We high-passed the D-pillar speakers at 500, and delayed them about 12 milliseconds. We also created a “Left-Right” signal for those speakers, which cancels out any content occurring in both channels. That content is what happens in the center of the stage, and with this arrangement, that doesn’t come out the rear speakers. No matter how loud these rear speakers are, they won’t “fight” the front speakers by playing center-stage content loud enough to draw attention. What remains is full-right-only or full-left only, and it is delayed a similar amount of time that it would be in a concert hall venue. The result is the “feel” of a larger and wider room than we actually have.

Conclusion
No sheet metal was harmed in the making of this picture – not only did we not need to cut any, we didn’t use any self-tappers anywhere, either.
This reasonably billed out at 23.6 hours of work, which means three business days. In reality, the physical installation was done in two long work days, and the tuning was done later. The mounting adapters for the dash and door speakers were made using templates for a Tacoma, which saved time. I give this job a utilization score of 10 out of 10.

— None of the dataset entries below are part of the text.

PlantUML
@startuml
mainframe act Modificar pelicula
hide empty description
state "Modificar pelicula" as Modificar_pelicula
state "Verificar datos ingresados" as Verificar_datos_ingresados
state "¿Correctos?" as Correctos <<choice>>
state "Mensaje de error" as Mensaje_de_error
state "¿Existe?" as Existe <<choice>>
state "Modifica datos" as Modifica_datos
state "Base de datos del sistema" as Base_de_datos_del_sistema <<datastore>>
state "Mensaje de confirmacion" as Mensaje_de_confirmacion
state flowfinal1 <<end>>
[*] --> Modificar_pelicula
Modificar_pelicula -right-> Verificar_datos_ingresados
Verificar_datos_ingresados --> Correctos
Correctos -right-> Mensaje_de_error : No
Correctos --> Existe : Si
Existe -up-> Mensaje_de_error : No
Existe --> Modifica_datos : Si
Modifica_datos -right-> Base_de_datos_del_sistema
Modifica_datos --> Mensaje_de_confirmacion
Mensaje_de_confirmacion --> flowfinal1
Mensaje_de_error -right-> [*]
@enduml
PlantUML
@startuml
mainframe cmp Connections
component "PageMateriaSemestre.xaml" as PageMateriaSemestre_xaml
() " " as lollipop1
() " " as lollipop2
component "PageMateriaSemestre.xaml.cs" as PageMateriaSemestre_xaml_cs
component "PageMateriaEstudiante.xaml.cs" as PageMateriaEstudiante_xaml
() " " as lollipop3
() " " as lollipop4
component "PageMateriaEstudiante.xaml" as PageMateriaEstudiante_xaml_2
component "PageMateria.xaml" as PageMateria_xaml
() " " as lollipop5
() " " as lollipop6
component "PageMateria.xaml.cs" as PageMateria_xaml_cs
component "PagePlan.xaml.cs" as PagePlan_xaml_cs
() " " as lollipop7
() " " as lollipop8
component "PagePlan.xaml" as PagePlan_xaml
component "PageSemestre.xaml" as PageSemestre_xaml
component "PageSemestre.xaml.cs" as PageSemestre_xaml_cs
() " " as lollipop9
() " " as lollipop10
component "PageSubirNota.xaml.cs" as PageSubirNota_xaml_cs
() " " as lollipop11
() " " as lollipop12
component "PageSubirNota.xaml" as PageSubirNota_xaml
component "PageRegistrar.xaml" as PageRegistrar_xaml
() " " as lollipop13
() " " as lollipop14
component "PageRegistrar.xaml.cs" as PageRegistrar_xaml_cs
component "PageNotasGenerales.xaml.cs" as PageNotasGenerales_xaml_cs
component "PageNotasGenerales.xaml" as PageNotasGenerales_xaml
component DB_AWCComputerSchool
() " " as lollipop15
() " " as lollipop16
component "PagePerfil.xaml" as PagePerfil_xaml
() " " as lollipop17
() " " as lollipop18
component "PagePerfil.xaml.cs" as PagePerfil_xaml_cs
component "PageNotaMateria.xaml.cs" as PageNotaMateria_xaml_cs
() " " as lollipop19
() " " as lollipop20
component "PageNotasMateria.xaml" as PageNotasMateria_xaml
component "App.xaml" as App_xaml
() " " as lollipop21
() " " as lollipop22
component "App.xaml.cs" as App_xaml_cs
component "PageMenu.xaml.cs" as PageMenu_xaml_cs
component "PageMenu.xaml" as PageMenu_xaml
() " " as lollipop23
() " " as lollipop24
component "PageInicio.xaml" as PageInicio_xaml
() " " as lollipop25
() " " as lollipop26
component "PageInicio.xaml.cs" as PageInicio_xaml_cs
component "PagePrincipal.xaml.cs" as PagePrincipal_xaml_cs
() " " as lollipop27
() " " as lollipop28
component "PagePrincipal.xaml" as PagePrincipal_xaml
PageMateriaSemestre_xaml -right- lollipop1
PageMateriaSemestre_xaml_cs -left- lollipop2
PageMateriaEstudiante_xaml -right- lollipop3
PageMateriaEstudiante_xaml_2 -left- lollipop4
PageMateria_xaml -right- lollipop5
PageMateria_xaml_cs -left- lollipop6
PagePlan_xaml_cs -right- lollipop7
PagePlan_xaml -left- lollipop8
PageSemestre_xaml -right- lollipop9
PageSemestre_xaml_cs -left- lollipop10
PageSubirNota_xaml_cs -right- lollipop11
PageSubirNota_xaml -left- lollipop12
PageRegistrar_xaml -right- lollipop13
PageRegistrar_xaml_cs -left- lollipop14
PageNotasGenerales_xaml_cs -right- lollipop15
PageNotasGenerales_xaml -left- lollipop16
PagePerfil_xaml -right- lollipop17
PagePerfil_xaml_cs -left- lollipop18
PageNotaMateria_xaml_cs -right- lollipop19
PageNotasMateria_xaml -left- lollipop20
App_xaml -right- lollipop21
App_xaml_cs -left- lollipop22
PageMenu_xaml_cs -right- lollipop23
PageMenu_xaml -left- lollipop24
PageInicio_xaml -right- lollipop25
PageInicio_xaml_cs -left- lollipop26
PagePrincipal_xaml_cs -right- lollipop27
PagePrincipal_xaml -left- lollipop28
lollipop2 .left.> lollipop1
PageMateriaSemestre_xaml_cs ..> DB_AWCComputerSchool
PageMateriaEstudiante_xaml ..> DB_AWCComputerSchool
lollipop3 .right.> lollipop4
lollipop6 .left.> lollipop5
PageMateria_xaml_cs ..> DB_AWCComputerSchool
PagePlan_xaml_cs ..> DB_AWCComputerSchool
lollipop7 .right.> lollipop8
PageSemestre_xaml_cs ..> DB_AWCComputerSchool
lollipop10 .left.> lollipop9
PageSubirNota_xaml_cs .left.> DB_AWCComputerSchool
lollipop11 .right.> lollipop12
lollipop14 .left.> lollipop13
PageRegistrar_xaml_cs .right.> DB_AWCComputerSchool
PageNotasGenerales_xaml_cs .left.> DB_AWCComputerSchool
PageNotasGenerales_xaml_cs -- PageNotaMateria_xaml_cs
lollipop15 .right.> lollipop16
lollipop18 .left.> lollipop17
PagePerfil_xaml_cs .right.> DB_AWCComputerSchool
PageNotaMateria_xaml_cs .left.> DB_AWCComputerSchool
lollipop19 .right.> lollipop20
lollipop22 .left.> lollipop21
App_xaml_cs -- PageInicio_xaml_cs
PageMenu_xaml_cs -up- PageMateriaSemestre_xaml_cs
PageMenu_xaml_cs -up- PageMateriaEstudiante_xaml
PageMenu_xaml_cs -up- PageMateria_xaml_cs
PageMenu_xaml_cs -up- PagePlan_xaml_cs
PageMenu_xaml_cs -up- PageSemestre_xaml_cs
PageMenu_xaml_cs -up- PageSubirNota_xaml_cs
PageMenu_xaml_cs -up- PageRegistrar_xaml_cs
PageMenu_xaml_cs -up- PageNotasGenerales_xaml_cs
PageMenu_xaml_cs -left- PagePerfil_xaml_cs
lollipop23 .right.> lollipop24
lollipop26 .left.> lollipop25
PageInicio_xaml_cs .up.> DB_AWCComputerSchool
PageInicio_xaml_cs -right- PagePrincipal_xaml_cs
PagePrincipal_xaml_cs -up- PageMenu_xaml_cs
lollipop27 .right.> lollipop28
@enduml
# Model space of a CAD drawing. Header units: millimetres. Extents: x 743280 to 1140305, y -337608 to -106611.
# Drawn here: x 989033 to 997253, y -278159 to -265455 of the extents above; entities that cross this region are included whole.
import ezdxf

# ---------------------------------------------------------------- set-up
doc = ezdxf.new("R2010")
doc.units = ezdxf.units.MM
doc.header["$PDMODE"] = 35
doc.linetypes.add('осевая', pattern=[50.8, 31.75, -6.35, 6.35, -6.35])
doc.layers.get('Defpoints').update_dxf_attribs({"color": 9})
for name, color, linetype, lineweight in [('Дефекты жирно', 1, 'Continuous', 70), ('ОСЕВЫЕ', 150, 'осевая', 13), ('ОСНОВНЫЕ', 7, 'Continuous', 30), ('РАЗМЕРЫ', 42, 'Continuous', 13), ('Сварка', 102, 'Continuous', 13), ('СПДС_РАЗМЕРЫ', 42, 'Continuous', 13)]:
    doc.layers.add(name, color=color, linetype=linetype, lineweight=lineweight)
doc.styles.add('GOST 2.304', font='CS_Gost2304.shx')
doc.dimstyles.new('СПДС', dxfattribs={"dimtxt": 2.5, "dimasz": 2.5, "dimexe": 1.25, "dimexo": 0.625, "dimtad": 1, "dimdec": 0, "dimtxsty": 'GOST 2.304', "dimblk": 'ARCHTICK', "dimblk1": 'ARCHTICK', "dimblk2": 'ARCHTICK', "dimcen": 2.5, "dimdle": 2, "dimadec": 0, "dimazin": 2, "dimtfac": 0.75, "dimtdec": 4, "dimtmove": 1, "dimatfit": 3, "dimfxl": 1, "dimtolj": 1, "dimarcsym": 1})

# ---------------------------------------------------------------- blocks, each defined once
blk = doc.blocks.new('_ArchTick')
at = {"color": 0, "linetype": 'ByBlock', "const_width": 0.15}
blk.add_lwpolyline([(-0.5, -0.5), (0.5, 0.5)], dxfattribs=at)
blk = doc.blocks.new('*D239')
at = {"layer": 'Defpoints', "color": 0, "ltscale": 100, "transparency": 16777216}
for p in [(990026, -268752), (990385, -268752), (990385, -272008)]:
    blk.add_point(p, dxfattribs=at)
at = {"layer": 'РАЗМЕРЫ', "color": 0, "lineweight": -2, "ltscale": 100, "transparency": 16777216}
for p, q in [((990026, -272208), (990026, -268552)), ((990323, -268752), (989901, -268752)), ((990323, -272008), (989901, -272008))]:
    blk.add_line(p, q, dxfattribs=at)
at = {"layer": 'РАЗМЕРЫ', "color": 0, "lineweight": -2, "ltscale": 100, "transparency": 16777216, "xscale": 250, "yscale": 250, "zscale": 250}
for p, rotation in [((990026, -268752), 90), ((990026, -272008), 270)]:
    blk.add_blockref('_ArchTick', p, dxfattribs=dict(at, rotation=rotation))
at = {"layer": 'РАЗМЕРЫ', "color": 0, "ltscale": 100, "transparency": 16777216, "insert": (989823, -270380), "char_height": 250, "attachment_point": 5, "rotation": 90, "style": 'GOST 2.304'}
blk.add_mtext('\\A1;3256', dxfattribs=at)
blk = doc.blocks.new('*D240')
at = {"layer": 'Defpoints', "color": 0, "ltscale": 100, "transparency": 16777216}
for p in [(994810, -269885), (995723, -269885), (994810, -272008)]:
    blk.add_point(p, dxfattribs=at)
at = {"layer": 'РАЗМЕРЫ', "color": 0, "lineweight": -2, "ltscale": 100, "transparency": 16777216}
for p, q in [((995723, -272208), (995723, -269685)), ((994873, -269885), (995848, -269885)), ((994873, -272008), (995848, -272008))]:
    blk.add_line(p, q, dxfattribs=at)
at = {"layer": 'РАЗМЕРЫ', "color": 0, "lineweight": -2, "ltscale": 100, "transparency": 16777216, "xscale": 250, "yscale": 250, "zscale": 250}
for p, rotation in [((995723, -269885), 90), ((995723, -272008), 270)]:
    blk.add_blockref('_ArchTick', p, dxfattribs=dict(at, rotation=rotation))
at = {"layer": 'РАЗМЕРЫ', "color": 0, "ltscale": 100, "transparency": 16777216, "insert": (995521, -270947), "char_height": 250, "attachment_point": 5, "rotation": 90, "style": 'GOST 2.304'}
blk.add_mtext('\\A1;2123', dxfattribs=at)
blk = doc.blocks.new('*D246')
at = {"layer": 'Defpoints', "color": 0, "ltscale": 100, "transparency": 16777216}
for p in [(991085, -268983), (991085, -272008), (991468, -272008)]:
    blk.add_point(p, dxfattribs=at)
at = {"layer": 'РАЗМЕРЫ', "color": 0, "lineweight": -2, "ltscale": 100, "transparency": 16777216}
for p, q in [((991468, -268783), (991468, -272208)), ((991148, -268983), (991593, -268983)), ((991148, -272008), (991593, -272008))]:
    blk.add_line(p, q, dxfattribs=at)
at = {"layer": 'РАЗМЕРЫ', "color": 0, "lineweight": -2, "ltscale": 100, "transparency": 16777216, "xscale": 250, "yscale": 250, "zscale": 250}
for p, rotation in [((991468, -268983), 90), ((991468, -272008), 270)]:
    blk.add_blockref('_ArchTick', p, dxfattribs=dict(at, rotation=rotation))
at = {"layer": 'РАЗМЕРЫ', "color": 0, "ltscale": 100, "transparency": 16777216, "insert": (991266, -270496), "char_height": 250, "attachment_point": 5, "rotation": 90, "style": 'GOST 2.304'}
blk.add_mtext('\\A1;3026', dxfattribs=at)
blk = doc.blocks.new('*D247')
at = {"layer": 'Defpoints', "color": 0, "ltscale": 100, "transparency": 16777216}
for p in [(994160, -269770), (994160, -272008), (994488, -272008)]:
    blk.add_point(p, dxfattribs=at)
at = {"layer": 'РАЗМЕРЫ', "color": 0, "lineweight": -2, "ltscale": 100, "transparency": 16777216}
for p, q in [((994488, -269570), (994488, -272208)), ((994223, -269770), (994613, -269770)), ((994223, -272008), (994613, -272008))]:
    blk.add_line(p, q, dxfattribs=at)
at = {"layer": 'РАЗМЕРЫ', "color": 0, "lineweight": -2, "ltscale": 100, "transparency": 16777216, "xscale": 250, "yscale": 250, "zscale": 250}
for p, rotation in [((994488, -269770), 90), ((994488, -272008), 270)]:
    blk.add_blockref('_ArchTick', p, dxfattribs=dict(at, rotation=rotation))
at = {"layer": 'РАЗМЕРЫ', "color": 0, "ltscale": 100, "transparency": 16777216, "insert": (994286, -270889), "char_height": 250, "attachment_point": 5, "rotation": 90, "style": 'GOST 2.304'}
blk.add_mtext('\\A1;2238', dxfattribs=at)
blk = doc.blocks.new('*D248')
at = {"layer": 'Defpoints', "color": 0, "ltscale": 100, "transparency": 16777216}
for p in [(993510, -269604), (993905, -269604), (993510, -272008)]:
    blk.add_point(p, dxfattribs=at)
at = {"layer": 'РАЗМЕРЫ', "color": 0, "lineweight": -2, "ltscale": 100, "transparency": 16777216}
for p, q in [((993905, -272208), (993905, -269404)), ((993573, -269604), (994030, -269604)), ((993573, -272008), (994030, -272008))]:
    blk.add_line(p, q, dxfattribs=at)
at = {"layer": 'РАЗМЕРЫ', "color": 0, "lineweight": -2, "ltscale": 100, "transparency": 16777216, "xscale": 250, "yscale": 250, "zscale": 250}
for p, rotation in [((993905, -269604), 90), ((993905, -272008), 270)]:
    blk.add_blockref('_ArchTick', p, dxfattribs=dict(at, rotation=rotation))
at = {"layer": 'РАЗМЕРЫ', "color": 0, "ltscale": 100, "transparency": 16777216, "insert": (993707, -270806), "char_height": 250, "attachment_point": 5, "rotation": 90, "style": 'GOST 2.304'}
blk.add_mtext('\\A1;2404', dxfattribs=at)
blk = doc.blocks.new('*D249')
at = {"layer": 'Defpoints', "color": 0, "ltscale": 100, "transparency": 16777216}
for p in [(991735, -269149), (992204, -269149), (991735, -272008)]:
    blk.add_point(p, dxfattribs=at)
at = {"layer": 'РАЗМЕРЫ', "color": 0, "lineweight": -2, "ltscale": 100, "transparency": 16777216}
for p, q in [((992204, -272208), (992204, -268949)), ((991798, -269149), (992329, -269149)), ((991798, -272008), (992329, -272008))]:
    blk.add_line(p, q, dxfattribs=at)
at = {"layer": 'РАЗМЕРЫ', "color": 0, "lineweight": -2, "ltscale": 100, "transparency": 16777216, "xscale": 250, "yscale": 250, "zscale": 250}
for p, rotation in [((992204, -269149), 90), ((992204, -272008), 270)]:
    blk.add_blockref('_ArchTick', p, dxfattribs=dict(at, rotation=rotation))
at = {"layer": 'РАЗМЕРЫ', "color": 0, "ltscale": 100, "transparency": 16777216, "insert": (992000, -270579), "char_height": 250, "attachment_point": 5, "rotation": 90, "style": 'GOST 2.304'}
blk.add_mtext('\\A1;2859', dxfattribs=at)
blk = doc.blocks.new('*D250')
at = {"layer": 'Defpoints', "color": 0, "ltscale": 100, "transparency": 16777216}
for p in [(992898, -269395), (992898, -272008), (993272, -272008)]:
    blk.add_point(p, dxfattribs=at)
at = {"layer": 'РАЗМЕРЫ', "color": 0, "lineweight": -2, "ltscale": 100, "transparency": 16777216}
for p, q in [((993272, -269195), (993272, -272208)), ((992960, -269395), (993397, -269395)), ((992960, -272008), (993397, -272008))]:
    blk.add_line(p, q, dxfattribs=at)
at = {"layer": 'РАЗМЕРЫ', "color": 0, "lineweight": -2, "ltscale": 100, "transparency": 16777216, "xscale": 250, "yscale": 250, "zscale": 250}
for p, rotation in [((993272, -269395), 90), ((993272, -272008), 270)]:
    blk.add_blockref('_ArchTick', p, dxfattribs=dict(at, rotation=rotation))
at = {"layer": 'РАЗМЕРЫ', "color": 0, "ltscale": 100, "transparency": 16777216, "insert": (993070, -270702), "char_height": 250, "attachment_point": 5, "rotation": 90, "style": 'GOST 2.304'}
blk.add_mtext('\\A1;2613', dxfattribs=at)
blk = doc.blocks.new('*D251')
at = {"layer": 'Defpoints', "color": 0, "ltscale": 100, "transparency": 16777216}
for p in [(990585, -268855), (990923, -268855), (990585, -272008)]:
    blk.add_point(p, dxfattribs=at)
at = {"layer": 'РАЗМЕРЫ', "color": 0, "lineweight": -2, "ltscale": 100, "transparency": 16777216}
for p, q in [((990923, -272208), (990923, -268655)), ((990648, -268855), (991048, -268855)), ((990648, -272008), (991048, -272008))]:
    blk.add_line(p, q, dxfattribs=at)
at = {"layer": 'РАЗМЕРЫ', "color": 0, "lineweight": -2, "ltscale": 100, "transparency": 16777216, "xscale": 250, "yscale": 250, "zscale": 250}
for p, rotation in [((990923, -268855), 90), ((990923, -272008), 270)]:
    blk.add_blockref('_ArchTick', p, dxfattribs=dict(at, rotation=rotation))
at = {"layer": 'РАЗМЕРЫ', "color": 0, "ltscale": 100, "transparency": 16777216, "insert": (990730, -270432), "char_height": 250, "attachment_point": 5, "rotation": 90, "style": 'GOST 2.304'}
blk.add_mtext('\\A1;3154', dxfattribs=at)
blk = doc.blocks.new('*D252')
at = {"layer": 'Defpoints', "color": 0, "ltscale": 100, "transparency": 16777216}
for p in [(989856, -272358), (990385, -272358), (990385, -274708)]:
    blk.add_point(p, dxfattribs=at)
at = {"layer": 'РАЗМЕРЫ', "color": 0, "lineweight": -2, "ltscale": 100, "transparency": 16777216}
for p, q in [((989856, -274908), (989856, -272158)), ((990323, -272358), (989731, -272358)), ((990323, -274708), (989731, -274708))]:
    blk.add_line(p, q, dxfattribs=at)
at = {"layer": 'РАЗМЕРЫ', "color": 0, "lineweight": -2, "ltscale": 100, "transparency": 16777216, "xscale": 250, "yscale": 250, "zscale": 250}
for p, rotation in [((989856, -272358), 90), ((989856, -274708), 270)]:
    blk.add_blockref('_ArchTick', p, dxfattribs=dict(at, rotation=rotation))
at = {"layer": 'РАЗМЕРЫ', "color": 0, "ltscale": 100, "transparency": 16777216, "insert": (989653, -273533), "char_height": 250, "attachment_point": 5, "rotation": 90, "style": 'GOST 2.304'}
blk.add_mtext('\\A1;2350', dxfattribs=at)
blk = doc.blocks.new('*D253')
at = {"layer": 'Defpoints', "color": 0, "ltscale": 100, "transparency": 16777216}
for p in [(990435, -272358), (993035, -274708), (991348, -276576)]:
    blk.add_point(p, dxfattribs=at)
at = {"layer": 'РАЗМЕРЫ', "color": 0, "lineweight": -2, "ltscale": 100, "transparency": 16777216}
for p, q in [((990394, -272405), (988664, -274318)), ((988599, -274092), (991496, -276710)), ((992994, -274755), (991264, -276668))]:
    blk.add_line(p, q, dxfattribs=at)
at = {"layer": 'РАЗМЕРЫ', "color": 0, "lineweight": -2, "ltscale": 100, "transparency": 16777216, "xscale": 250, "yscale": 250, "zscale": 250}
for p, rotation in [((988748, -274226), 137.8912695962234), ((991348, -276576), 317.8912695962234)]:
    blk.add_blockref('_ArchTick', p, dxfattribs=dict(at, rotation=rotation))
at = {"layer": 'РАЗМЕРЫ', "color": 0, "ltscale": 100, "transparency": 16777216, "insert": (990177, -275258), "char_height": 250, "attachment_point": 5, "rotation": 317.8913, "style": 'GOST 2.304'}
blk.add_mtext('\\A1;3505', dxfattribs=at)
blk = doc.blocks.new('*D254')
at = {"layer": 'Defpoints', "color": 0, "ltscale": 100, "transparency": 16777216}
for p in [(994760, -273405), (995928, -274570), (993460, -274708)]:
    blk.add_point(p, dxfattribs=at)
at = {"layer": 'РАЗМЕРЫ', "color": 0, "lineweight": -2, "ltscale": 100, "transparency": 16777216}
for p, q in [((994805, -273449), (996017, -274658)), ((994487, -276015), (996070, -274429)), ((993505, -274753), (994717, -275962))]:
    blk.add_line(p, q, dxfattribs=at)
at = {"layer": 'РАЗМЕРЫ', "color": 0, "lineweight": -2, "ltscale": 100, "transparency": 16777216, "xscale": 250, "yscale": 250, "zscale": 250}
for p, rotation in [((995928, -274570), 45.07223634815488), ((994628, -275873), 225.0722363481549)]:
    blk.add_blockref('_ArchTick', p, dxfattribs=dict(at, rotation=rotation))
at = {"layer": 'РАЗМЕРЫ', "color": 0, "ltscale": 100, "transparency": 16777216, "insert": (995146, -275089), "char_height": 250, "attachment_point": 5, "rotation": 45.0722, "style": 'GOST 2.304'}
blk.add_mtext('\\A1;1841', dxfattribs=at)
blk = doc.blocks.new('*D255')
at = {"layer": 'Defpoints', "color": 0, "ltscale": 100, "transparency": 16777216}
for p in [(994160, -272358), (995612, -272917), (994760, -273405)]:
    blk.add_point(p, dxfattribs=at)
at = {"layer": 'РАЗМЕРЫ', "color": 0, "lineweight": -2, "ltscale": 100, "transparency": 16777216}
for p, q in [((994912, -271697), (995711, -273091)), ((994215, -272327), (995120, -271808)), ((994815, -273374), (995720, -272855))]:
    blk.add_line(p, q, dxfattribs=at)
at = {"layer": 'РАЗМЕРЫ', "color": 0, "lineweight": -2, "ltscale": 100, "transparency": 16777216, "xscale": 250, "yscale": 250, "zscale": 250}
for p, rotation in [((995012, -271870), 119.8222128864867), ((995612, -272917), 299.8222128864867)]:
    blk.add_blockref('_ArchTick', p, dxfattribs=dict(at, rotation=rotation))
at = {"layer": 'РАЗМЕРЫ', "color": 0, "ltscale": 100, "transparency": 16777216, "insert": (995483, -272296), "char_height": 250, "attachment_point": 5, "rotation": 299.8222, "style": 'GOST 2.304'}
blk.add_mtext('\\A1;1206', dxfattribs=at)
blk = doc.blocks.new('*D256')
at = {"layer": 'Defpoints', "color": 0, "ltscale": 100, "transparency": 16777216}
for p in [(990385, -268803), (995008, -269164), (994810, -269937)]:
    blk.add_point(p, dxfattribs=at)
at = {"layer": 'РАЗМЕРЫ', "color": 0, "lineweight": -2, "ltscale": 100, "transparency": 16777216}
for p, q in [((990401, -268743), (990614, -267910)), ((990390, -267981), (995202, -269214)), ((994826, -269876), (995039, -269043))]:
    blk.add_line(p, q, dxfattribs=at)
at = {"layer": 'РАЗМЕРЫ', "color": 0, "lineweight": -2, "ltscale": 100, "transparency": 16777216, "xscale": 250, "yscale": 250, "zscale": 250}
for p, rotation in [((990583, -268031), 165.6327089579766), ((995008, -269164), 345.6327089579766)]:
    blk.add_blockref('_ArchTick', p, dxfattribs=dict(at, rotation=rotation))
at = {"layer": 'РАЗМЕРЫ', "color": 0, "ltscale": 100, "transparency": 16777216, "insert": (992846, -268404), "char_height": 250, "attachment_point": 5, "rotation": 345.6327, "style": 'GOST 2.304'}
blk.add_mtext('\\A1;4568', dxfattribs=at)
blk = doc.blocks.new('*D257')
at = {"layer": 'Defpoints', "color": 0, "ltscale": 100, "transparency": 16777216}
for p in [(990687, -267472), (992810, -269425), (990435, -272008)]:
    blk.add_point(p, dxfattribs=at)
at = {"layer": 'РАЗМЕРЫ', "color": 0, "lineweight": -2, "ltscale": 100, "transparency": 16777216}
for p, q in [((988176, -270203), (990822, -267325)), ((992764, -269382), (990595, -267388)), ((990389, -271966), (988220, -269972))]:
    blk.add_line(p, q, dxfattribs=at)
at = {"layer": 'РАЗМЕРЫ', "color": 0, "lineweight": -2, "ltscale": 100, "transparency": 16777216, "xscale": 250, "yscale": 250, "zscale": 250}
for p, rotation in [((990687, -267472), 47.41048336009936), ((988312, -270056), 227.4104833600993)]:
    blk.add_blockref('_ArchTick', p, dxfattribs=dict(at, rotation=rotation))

That’s almost $2000 a day, which is not terrible – that’s a run rate of roughly $40k of revenue per installer if you sustain that all month. It’s 56% product and materials, and 44% labor and shop charges. High-volume shops often want a higher percentage of product than that – 75/25 used to be the goal, but I think that was before product prices dropped so much. Many custom shops now operate at a 50-50 ratio, and this is better than that average.